- Work order: Nothing but the lines from the first line of the entries through the line with "Autodesk Inventor part; units mm, degrees" should appear in the answer, transcribed exactly and free of pictures.
=== Section Start ===
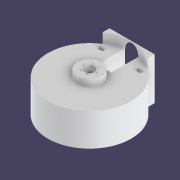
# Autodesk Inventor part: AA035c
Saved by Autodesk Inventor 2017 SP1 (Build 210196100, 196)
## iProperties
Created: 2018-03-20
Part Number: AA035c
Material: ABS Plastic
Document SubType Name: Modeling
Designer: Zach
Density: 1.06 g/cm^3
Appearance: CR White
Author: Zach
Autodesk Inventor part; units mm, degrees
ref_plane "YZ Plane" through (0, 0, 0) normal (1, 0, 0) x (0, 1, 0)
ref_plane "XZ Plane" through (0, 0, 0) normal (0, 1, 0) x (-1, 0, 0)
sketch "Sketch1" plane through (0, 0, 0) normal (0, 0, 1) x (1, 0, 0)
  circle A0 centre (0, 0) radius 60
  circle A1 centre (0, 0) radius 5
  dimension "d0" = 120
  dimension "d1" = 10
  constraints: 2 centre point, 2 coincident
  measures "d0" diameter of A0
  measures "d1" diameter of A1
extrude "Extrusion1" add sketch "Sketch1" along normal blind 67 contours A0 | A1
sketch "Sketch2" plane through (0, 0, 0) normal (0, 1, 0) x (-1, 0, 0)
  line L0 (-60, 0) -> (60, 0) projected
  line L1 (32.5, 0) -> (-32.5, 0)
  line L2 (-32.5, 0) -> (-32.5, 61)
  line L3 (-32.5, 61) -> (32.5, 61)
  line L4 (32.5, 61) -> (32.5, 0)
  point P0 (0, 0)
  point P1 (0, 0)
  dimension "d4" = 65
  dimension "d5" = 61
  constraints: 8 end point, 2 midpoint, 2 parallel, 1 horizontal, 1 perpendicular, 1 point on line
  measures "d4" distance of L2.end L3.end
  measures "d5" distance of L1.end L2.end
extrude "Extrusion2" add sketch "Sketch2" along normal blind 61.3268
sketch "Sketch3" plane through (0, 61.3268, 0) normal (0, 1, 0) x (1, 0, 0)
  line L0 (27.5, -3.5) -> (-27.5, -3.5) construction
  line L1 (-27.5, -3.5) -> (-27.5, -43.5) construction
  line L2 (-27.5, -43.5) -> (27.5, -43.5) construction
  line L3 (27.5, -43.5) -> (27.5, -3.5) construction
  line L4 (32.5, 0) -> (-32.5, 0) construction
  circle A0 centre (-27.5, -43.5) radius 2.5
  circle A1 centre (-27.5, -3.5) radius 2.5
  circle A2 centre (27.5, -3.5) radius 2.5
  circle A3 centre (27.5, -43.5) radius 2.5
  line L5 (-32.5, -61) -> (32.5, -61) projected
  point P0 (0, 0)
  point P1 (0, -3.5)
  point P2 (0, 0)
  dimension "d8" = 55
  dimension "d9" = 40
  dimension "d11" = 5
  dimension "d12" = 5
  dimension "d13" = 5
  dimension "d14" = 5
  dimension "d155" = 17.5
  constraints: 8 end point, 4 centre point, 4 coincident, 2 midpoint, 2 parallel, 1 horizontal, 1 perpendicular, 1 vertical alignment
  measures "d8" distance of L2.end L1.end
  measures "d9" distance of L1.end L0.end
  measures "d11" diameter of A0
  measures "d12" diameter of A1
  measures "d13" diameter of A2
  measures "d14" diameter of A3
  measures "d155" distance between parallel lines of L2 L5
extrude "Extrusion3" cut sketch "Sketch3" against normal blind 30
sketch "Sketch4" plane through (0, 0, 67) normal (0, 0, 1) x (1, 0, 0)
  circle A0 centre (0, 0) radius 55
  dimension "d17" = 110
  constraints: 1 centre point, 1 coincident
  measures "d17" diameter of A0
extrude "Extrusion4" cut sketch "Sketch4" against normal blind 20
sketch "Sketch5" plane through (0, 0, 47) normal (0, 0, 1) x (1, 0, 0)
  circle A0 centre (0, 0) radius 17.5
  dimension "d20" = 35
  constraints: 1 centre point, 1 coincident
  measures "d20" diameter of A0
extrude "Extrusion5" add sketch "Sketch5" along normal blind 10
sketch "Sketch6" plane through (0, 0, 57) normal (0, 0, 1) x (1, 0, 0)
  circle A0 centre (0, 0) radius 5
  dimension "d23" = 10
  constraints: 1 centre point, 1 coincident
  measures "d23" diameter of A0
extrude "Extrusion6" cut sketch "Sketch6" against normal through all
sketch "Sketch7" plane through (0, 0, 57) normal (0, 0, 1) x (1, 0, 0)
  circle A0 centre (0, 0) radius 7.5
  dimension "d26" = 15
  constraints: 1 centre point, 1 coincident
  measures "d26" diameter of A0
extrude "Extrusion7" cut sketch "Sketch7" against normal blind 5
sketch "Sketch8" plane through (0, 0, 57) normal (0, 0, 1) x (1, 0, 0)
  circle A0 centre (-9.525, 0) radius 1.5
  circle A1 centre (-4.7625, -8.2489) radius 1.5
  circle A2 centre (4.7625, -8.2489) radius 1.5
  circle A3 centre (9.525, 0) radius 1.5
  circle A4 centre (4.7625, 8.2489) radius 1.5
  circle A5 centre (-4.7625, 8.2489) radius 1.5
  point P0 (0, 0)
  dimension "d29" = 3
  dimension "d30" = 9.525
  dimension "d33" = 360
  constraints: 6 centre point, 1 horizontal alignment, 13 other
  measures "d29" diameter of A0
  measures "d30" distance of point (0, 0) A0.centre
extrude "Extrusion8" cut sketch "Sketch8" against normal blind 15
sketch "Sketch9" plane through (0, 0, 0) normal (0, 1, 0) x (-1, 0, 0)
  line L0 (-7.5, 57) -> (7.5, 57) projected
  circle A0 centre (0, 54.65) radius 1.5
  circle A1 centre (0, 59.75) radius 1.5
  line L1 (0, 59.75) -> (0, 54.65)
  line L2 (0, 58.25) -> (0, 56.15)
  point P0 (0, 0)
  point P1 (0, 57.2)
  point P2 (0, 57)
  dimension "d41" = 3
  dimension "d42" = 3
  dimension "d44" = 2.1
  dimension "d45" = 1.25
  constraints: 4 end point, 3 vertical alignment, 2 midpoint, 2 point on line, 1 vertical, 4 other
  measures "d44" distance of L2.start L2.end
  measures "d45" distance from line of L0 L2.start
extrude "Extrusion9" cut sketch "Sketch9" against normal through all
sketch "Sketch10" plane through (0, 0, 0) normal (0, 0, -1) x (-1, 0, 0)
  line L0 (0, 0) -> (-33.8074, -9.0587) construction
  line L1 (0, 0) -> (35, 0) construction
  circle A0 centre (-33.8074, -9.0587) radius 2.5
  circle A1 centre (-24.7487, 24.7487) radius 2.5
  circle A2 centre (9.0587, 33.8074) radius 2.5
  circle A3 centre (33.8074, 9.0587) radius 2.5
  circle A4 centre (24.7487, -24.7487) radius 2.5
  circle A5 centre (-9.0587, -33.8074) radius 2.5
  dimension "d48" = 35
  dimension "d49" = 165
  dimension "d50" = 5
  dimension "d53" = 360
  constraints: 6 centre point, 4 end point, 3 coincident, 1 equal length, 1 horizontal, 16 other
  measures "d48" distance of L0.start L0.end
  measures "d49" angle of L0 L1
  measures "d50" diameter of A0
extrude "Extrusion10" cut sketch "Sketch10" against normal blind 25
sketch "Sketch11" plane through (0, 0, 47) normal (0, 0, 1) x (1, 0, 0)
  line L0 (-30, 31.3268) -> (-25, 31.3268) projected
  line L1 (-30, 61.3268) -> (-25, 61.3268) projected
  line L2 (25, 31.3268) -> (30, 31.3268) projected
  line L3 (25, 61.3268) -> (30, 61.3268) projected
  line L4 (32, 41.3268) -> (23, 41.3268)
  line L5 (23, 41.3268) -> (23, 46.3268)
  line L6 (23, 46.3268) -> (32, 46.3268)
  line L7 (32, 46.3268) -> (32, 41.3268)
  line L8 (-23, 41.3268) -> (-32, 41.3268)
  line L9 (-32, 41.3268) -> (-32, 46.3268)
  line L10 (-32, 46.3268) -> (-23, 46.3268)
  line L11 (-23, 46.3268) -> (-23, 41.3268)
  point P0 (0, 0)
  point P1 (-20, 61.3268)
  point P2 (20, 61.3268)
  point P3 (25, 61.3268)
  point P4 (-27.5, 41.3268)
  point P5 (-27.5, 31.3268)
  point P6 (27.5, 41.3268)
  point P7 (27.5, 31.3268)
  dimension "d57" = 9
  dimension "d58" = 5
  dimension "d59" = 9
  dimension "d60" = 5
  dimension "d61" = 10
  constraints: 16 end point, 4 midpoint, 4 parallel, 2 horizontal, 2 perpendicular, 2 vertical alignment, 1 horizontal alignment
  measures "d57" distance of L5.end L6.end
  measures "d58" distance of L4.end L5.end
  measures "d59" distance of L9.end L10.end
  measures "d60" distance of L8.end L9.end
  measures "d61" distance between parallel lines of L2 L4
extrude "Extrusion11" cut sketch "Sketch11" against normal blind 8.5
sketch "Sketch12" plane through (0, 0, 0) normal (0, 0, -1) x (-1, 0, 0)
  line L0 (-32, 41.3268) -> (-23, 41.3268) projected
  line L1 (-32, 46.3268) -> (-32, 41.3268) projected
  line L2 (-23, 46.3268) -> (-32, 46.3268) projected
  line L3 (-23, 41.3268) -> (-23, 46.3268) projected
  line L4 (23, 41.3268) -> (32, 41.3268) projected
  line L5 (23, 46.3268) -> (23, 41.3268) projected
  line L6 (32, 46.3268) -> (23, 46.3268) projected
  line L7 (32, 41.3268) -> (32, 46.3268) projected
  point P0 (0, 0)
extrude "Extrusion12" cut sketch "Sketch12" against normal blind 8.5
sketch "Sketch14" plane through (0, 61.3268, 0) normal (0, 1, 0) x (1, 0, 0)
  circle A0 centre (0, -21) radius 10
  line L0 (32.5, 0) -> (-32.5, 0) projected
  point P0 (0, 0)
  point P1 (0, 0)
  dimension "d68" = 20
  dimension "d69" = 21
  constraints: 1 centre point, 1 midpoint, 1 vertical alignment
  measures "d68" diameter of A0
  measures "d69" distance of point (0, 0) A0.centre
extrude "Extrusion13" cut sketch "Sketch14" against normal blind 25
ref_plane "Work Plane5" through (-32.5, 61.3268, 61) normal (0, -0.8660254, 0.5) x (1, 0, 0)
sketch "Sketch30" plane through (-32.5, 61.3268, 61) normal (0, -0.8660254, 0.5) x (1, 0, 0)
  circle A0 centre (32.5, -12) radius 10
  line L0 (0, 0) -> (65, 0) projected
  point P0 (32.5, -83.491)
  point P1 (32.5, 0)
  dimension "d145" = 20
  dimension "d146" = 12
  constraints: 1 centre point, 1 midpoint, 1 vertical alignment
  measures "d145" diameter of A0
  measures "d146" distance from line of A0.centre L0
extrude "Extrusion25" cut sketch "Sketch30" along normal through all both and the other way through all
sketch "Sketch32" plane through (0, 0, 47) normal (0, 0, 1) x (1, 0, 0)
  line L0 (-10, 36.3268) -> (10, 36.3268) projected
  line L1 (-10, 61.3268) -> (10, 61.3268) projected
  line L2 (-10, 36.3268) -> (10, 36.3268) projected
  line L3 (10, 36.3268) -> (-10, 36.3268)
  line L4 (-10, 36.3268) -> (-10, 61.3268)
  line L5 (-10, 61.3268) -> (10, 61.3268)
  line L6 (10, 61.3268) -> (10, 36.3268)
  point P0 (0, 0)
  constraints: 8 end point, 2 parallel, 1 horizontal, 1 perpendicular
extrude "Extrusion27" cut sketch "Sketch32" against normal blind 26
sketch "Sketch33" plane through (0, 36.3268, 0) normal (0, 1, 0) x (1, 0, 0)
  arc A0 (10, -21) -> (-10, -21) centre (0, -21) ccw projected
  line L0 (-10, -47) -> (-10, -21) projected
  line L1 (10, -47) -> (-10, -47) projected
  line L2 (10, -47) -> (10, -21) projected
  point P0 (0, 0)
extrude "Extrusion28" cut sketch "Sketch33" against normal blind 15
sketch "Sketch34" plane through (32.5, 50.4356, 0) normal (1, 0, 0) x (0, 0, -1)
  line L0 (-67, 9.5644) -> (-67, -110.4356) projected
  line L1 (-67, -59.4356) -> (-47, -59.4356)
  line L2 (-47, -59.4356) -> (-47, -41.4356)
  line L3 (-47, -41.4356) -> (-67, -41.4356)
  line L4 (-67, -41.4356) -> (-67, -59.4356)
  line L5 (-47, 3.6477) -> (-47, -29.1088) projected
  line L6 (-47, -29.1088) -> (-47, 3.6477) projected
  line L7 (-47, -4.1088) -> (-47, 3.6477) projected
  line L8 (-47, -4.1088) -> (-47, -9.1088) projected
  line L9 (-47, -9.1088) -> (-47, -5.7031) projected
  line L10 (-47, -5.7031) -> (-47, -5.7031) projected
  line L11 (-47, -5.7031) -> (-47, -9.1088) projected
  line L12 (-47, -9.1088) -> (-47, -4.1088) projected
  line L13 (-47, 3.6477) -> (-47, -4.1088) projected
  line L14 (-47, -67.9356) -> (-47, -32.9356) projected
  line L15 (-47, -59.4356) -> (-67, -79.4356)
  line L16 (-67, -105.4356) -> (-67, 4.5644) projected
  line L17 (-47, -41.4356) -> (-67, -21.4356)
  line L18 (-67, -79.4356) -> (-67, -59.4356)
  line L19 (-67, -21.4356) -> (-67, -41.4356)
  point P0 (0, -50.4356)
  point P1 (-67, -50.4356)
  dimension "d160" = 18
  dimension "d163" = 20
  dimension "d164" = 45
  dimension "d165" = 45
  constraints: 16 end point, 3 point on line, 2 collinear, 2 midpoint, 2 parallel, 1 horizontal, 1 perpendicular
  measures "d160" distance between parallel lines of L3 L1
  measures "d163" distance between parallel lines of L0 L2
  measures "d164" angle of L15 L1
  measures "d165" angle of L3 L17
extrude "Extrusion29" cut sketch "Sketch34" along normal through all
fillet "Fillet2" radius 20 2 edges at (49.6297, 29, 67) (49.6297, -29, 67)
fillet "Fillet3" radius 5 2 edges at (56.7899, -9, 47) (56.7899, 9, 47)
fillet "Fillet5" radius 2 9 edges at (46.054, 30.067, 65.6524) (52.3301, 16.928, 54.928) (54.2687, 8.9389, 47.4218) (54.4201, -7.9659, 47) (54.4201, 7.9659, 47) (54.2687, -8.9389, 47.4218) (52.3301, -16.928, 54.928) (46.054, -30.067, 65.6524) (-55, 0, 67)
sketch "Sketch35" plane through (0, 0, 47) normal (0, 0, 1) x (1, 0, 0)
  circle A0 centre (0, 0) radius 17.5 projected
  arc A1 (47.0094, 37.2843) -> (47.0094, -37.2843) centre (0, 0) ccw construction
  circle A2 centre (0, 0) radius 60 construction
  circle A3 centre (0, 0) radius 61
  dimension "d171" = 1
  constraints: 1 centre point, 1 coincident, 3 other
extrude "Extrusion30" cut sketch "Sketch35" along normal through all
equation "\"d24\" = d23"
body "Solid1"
=== Section End ===
- Task result:
# Autodesk Inventor part: AA035c
Saved by Autodesk Inventor 2017 SP1 (Build 210196100, 196)
## iProperties
Created: 2018-03-20
Part Number: AA035c
Material: ABS Plastic
Document SubType Name: Modeling
Designer: Zach
Density: 1.06 g/cm^3
Appearance: CR White
Author: Zach
Autodesk Inventor part; units mm, degrees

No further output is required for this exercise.